Os imperadores seguintes seguiram o caminho oposto. Fizeram o possível por sinizar a corte, apoiando-se até nos eruditos Hans para controlar o poder da aristocracia militar Manchu, encorajaram casamentos entre etnias. Mas tiveram de lidar com tremendas revoltas antes de se conseguir uma paz relativa, herdada pelo corrente imperador, Yongzheng.
Agora, em 1733, a China pode dizer-se que se divide num norte próspero e pacífico em que as duas etnias vivem em harmonia, e um sul pobre e turbulento, onde os Hans semeiam a revolta e a repressão manchu ainda as alimenta mais. O sul, já agora, sempre foi o ponto de maior resistência à nova dinastia, e que reagiu sempre pior às medidas da corte Manchu.
É neste clima que um jovem magistrado, tendo acabado de passar o exame imperial, tem atribuído o seu primeiro distrito. Ele e os seus companheiros terão, certamente, tempos interessantes.
Darei mais background à medida que for necessário, especialmente sobre os centros de kung-fu da China desta época: o mosteiro de Shaolin e o monte Wudang. Assim como do submundo das Florestas e dos Lagos (jiang hu), constituído quer por ladrões e contrabandistas, quer por cavaleiros errantes cuja palavra é um penhor. Também darei algum background sobre os procedimentos num tribunal chinês, que são muito diferentes dos que vemos num courtroom drama norte-americano.

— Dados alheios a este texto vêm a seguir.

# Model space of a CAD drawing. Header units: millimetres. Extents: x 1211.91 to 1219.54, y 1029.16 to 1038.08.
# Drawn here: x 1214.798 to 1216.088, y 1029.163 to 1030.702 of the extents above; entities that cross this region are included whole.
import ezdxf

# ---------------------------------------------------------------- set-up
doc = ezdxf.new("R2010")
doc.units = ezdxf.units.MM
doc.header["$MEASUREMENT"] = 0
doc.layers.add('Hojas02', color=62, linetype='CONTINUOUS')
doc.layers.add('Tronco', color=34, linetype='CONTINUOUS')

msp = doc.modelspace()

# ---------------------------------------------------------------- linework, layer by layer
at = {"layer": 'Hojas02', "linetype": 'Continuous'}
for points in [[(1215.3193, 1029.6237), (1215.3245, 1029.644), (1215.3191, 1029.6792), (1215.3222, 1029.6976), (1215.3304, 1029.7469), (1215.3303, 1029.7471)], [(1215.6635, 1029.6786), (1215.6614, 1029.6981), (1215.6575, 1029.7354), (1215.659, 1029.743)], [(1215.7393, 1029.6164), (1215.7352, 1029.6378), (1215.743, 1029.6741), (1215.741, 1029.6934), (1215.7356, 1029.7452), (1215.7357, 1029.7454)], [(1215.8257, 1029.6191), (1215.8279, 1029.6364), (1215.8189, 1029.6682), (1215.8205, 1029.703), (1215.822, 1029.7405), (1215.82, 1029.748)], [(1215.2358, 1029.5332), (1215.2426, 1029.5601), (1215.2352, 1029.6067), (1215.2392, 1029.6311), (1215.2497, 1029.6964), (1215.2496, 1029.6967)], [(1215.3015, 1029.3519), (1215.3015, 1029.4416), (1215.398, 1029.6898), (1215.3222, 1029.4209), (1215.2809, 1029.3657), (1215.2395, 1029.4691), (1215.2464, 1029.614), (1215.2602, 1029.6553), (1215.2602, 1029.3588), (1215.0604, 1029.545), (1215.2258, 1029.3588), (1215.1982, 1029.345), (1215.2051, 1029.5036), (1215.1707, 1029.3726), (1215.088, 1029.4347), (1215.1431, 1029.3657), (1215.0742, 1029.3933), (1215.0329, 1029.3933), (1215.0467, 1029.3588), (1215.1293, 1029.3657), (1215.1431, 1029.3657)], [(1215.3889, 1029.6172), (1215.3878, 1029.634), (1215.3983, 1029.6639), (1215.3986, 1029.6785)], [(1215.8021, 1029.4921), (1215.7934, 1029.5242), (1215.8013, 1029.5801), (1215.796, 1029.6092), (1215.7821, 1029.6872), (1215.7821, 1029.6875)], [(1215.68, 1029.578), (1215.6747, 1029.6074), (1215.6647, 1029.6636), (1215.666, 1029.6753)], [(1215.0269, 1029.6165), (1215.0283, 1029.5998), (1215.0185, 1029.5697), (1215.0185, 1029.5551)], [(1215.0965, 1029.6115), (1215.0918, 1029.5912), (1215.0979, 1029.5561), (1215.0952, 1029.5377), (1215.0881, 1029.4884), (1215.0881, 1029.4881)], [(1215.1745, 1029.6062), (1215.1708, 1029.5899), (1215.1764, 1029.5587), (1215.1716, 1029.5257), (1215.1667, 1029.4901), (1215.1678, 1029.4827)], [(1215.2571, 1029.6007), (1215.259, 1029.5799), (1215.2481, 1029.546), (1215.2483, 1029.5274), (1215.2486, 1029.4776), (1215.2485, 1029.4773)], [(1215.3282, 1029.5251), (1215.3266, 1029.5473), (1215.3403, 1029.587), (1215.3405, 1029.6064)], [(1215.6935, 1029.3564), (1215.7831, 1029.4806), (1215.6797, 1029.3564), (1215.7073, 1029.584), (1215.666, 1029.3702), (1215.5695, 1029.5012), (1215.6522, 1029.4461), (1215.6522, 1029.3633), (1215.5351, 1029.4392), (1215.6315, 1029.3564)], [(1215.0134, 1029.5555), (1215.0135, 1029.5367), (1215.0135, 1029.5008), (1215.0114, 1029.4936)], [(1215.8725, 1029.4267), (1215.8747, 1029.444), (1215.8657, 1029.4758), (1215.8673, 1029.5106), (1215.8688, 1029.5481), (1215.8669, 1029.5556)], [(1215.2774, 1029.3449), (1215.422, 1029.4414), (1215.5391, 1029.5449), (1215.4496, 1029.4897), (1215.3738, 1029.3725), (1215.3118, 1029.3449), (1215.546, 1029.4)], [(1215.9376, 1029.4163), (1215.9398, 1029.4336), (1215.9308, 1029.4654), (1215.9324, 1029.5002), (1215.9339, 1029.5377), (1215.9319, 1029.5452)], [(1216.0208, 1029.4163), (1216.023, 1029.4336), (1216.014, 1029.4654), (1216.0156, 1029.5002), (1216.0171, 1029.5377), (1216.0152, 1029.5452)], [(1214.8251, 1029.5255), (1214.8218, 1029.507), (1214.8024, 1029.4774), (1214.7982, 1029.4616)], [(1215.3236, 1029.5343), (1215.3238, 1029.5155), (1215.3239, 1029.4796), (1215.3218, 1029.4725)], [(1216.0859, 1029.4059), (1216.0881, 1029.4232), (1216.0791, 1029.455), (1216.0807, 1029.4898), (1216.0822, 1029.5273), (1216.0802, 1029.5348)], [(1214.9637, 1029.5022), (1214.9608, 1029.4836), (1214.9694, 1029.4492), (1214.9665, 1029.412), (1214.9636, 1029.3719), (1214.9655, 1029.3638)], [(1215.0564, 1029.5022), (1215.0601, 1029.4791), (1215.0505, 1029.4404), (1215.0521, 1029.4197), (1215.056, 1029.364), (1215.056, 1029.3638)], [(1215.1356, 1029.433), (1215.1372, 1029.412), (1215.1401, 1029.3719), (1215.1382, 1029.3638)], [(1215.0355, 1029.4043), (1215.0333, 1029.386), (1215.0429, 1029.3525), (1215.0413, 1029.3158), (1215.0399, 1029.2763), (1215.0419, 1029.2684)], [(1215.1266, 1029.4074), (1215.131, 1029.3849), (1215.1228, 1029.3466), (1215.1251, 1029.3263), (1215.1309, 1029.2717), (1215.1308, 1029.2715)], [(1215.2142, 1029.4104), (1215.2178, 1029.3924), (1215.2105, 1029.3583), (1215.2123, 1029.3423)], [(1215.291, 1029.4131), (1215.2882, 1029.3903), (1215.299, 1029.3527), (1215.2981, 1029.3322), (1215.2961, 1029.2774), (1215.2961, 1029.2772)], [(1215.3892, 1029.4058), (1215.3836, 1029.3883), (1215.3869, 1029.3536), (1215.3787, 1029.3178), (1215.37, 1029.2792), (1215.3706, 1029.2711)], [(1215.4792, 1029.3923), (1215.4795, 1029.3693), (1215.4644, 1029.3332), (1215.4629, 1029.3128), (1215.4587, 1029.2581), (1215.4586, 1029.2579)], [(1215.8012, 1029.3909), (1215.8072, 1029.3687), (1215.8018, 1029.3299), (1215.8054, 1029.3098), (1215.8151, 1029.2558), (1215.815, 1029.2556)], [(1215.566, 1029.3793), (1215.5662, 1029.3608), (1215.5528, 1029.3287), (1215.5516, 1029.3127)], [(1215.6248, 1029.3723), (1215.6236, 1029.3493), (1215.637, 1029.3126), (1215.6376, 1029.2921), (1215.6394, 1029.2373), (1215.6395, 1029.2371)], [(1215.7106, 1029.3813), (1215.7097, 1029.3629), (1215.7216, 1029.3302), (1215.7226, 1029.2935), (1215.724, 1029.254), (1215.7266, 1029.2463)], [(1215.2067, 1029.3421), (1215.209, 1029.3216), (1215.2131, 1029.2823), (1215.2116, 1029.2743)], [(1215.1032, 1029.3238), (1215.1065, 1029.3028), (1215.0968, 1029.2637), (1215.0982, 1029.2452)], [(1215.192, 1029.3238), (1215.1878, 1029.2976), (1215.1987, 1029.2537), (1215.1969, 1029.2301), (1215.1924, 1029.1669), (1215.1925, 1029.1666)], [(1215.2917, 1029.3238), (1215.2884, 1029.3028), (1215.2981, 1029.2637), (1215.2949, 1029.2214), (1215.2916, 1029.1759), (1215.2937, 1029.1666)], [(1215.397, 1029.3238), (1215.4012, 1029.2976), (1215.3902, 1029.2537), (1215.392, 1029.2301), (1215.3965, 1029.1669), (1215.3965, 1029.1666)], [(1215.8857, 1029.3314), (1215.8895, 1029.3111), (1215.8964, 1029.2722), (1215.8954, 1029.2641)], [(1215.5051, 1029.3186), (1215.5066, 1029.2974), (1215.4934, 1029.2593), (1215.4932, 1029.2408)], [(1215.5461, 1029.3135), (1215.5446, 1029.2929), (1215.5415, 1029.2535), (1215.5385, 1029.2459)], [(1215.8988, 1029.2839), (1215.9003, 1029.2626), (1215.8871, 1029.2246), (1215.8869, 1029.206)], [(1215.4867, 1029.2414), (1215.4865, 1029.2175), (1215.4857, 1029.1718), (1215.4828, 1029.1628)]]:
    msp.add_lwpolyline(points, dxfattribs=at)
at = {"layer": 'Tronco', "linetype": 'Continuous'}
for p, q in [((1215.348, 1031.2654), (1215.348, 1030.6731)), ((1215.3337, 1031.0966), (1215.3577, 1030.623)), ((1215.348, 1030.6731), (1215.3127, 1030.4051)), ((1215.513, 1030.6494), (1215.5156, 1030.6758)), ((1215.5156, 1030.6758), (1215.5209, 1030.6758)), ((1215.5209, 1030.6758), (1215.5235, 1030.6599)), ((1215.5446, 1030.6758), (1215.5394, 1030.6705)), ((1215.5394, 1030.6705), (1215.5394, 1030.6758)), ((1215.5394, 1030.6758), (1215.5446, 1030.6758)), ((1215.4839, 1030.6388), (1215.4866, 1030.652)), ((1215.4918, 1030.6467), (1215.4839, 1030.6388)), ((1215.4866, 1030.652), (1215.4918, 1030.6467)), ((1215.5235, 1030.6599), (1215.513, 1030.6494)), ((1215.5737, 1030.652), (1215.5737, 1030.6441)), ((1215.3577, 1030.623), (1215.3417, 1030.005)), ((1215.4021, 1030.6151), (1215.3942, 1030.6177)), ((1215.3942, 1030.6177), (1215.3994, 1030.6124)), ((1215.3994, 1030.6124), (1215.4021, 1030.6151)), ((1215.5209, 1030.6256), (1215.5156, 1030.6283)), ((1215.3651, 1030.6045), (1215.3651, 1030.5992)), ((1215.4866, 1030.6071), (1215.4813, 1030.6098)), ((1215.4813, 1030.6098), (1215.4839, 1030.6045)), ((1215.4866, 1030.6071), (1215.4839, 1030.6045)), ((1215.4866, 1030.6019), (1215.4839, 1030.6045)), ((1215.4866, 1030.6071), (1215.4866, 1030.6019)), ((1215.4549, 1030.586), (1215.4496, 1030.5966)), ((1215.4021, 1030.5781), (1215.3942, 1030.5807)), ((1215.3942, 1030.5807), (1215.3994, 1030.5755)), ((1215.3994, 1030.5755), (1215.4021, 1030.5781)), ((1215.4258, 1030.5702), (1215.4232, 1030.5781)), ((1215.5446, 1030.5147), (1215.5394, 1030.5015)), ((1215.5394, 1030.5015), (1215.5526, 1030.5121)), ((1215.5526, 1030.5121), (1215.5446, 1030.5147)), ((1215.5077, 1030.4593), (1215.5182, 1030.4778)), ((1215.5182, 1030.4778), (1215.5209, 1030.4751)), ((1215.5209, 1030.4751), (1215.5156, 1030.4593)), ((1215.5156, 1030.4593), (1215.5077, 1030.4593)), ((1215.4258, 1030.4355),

Em questões mais práticas, eu vivo em Lisboa, e a minha profissão dá-me uma flexibilidade de horário e de dia da semana muito grande. Resumindo, posso jogar a qualquer dia da semana (tirando quartas em que jogo noutra campanha) e praticamente a qualquer hora que não à noite. Ofereço a minha casa para jogar, onde tenho uma sala grande em que cabe muita gente com conforto.
Podem responder-me por aqui, ou usando o serviço de mensagens do abre o jogo. Por mim, continuarei a dar informações sobre o background geral, a cultura e os valores chineses, e outras coisas que ache interessantes.